> **Exercise requirements**
An exact transcription of all the data is required; the pictures are to be left out.
◆ ◆ ◆ ◆
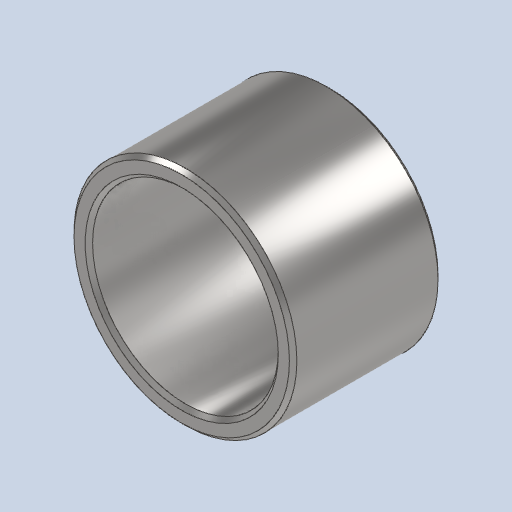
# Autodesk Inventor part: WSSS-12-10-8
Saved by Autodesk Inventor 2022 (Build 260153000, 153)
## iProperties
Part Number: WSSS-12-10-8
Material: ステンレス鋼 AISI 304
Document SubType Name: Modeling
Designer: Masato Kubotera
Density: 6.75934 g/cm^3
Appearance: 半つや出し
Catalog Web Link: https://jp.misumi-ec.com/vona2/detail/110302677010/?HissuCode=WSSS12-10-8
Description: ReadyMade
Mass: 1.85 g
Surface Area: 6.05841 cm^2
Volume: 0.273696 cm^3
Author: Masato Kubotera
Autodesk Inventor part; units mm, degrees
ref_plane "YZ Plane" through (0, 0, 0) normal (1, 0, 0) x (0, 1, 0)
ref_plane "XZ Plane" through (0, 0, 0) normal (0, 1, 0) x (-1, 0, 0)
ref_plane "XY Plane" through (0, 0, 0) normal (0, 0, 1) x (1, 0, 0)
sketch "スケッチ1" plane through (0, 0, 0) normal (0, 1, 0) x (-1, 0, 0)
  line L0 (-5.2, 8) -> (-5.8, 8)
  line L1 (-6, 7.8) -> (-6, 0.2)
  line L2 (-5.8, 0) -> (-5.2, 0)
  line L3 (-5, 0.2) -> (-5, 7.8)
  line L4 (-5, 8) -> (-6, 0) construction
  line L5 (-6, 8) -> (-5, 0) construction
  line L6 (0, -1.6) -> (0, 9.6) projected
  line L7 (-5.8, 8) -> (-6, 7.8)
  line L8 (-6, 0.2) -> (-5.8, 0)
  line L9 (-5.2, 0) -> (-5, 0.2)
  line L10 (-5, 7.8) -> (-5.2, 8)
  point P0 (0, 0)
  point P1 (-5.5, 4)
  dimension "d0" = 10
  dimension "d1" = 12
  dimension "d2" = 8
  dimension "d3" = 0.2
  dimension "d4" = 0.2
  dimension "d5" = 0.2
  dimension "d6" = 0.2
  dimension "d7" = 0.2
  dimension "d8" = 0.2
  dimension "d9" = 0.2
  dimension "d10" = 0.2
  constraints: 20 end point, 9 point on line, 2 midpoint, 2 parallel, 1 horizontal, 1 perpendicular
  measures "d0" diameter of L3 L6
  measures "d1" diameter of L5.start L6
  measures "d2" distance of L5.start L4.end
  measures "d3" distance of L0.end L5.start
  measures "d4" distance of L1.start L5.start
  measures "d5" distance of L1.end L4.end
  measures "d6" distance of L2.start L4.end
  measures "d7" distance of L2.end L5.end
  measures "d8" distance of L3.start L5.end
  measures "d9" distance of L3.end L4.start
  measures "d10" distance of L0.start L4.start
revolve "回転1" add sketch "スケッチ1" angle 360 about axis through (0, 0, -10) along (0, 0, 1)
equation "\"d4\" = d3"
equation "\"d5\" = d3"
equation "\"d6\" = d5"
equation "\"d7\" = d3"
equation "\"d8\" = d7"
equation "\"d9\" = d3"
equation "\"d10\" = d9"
◆ ◆ ◆ ◆
> **Task result**
# Autodesk Inventor part: WSSS-12-10-8
Saved by Autodesk Inventor 2022 (Build 260153000, 153)
## iProperties
Part Number: WSSS-12-10-8
Material: ステンレス鋼 AISI 304
Document SubType Name: Modeling
Designer: Masato Kubotera
Density: 6.75934 g/cm^3
Appearance: 半つや出し
Catalog Web Link: https://jp.misumi-ec.com/vona2/detail/110302677010/?HissuCode=WSSS12-10-8
Description: ReadyMade
Mass: 1.85 g
Surface Area: 6.05841 cm^2
Volume: 0.273696 cm^3
Author: Masato Kubotera
Autodesk Inventor part; units mm, degrees
ref_plane "YZ Plane" through (0, 0, 0) normal (1, 0, 0) x (0, 1, 0)
ref_plane "XZ Plane" through (0, 0, 0) normal (0, 1, 0) x (-1, 0, 0)
ref_plane "XY Plane" through (0, 0, 0) normal (0, 0, 1) x (1, 0, 0)
sketch "スケッチ1" plane through (0, 0, 0) normal (0, 1, 0) x (-1, 0, 0)
  line L0 (-5.2, 8) -> (-5.8, 8)
  line L1 (-6, 7.8) -> (-6, 0.2)
  line L2 (-5.8, 0) -> (-5.2, 0)
  line L3 (-5, 0.2) -> (-5, 7.8)
  line L4 (-5, 8) -> (-6, 0) construction
  line L5 (-6, 8) -> (-5, 0) construction
  line L6 (0, -1.6) -> (0, 9.6) projected
  line L7 (-5.8, 8) -> (-6, 7.8)
  line L8 (-6, 0.2) -> (-5.8, 0)
  line L9 (-5.2, 0) -> (-5, 0.2)
  line L10 (-5, 7.8) -> (-5.2, 8)
  point P0 (0, 0)
  point P1 (-5.5, 4)
  dimension "d0" = 10
  dimension "d1" = 12
  dimension "d2" = 8
  dimension "d3" = 0.2
  dimension "d4" = 0.2
  dimension "d5" = 0.2
  dimension "d6" = 0.2
  dimension "d7" = 0.2
  dimension "d8" = 0.2
  dimension "d9" = 0.2
  dimension "d10" = 0.2
  constraints: 20 end point, 9 point on line, 2 midpoint, 2 parallel, 1 horizontal, 1 perpendicular
  measures "d0" diameter of L3 L6
  measures "d1" diameter of L5.start L6
  measures "d2" distance of L5.start L4.end
  measures "d3" distance of L0.end L5.start
  measures "d4" distance of L1.start L5.start
  measures "d5" distance of L1.end L4.end
  measures "d6" distance of L2.start L4.end
  measures "d7" distance of L2.end L5.end
  measures "d8" distance of L3.start L5.end
  measures "d9" distance of L3.end L4.start
  measures "d10" distance of L0.start L4.start
revolve "回転1" add sketch "スケッチ1" angle 360 about axis through (0, 0, -10) along (0, 0, 1)
equation "\"d4\" = d3"
equation "\"d5\" = d3"
equation "\"d6\" = d5"
equation "\"d7\" = d3"
equation "\"d8\" = d7"
equation "\"d9\" = d3"
equation "\"d10\" = d9"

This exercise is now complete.